## WHAT YOU WILL DO
The data below should be printed in full, exactly, and without any of its images.

Stored data
☆ ☆ ☆ ☆

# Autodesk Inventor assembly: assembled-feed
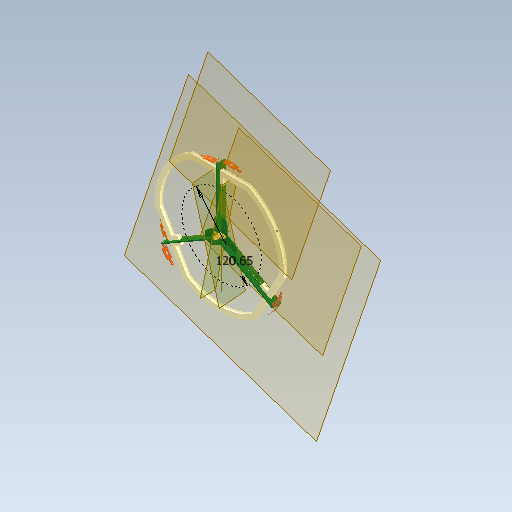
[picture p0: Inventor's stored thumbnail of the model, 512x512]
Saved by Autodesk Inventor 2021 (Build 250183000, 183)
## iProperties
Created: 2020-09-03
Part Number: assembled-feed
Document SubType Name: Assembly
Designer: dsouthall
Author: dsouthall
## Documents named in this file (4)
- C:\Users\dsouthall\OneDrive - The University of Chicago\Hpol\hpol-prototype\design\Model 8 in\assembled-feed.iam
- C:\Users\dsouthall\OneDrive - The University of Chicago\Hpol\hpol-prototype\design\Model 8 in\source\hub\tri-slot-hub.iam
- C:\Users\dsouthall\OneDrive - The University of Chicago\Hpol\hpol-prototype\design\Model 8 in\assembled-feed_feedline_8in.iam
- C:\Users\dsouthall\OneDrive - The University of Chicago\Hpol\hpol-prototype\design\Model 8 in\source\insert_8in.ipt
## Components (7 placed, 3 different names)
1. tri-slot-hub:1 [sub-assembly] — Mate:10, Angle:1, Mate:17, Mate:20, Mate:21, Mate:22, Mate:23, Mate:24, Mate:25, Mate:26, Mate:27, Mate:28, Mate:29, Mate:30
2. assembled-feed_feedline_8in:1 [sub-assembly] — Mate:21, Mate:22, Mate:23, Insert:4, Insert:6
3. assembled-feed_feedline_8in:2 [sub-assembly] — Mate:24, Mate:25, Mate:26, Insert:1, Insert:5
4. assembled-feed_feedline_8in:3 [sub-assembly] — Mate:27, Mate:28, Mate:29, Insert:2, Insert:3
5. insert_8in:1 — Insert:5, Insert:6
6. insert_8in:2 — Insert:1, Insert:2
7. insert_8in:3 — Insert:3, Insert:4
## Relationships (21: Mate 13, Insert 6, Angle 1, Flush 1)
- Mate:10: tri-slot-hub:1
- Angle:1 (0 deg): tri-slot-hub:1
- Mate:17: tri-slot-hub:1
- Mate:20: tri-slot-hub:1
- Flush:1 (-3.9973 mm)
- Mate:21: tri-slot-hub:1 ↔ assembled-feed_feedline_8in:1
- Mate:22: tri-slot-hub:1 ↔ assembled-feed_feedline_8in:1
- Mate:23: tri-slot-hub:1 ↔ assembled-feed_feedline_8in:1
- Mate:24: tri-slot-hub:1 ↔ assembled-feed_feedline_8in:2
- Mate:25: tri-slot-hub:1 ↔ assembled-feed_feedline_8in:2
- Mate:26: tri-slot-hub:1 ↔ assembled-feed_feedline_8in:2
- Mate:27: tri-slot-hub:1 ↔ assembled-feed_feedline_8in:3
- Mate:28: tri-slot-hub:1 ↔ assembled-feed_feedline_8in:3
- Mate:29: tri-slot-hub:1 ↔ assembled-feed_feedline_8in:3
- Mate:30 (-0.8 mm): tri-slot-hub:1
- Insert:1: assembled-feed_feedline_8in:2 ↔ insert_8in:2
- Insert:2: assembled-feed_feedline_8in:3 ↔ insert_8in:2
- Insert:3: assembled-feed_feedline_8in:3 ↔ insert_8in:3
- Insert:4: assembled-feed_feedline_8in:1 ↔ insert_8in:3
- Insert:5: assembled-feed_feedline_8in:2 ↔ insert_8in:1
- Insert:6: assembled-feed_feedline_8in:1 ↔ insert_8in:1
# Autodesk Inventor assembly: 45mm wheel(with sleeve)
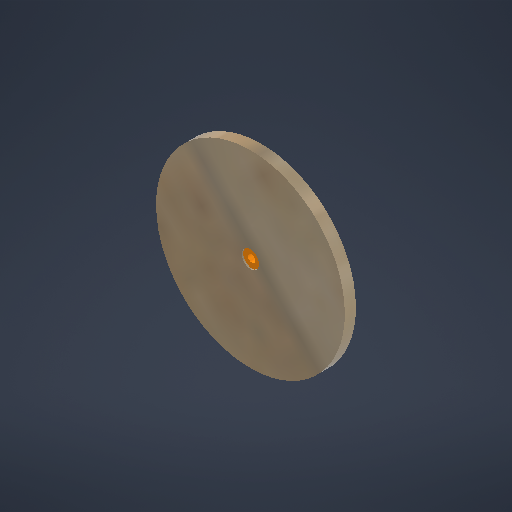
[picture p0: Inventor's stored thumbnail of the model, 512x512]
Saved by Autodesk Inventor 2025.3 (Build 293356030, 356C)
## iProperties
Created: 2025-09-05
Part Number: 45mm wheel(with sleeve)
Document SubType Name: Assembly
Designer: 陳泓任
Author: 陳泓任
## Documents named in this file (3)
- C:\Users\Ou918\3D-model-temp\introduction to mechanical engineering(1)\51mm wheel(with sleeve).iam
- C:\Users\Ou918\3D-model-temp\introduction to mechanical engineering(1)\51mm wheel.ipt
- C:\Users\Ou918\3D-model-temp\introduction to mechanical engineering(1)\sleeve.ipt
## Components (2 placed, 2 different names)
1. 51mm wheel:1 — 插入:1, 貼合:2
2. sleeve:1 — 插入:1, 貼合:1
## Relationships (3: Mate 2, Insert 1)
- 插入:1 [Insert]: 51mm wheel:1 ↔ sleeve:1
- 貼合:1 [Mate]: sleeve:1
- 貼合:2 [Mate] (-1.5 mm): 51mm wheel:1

☆ ☆ ☆ ☆

## OUTPUT OF THE TASK
# Autodesk Inventor assembly: assembled-feed
[picture p0: Inventor's stored thumbnail of the model, 512x512]
Saved by Autodesk Inventor 2021 (Build 250183000, 183)
## iProperties
Created: 2020-09-03
Part Number: assembled-feed
Document SubType Name: Assembly
Designer: dsouthall
Author: dsouthall
## Documents named in this file (4)
- C:\Users\dsouthall\OneDrive - The University of Chicago\Hpol\hpol-prototype\design\Model 8 in\assembled-feed.iam
- C:\Users\dsouthall\OneDrive - The University of Chicago\Hpol\hpol-prototype\design\Model 8 in\source\hub\tri-slot-hub.iam
- C:\Users\dsouthall\OneDrive - The University of Chicago\Hpol\hpol-prototype\design\Model 8 in\assembled-feed_feedline_8in.iam
- C:\Users\dsouthall\OneDrive - The University of Chicago\Hpol\hpol-prototype\design\Model 8 in\source\insert_8in.ipt
## Components (7 placed, 3 different names)
1. tri-slot-hub:1 [sub-assembly] — Mate:10, Angle:1, Mate:17, Mate:20, Mate:21, Mate:22, Mate:23, Mate:24, Mate:25, Mate:26, Mate:27, Mate:28, Mate:29, Mate:30
2. assembled-feed_feedline_8in:1 [sub-assembly] — Mate:21, Mate:22, Mate:23, Insert:4, Insert:6
3. assembled-feed_feedline_8in:2 [sub-assembly] — Mate:24, Mate:25, Mate:26, Insert:1, Insert:5
4. assembled-feed_feedline_8in:3 [sub-assembly] — Mate:27, Mate:28, Mate:29, Insert:2, Insert:3
5. insert_8in:1 — Insert:5, Insert:6
6. insert_8in:2 — Insert:1, Insert:2
7. insert_8in:3 — Insert:3, Insert:4
## Relationships (21: Mate 13, Insert 6, Angle 1, Flush 1)
- Mate:10: tri-slot-hub:1
- Angle:1 (0 deg): tri-slot-hub:1
- Mate:17: tri-slot-hub:1
- Mate:20: tri-slot-hub:1
- Flush:1 (-3.9973 mm)
- Mate:21: tri-slot-hub:1 ↔ assembled-feed_feedline_8in:1
- Mate:22: tri-slot-hub:1 ↔ assembled-feed_feedline_8in:1
- Mate:23: tri-slot-hub:1 ↔ assembled-feed_feedline_8in:1
- Mate:24: tri-slot-hub:1 ↔ assembled-feed_feedline_8in:2
- Mate:25: tri-slot-hub:1 ↔ assembled-feed_feedline_8in:2
- Mate:26: tri-slot-hub:1 ↔ assembled-feed_feedline_8in:2
- Mate:27: tri-slot-hub:1 ↔ assembled-feed_feedline_8in:3
- Mate:28: tri-slot-hub:1 ↔ assembled-feed_feedline_8in:3
- Mate:29: tri-slot-hub:1 ↔ assembled-feed_feedline_8in:3
- Mate:30 (-0.8 mm): tri-slot-hub:1
- Insert:1: assembled-feed_feedline_8in:2 ↔ insert_8in:2
- Insert:2: assembled-feed_feedline_8in:3 ↔ insert_8in:2
- Insert:3: assembled-feed_feedline_8in:3 ↔ insert_8in:3
- Insert:4: assembled-feed_feedline_8in:1 ↔ insert_8in:3
- Insert:5: assembled-feed_feedline_8in:2 ↔ insert_8in:1
- Insert:6: assembled-feed_feedline_8in:1 ↔ insert_8in:1
# Autodesk Inventor assembly: 45mm wheel(with sleeve)
[picture p0: Inventor's stored thumbnail of the model, 512x512]
Saved by Autodesk Inventor 2025.3 (Build 293356030, 356C)
## iProperties
Created: 2025-09-05
Part Number: 45mm wheel(with sleeve)
Document SubType Name: Assembly
Designer: 陳泓任
Author: 陳泓任
## Documents named in this file (3)
- C:\Users\Ou918\3D-model-temp\introduction to mechanical engineering(1)\51mm wheel(with sleeve).iam
- C:\Users\Ou918\3D-model-temp\introduction to mechanical engineering(1)\51mm wheel.ipt
- C:\Users\Ou918\3D-model-temp\introduction to mechanical engineering(1)\sleeve.ipt
## Components (2 placed, 2 different names)
1. 51mm wheel:1 — 插入:1, 貼合:2
2. sleeve:1 — 插入:1, 貼合:1
## Relationships (3: Mate 2, Insert 1)
- 插入:1 [Insert]: 51mm wheel:1 ↔ sleeve:1
- 貼合:1 [Mate]: sleeve:1
- 貼合:2 [Mate] (-1.5 mm): 51mm wheel:1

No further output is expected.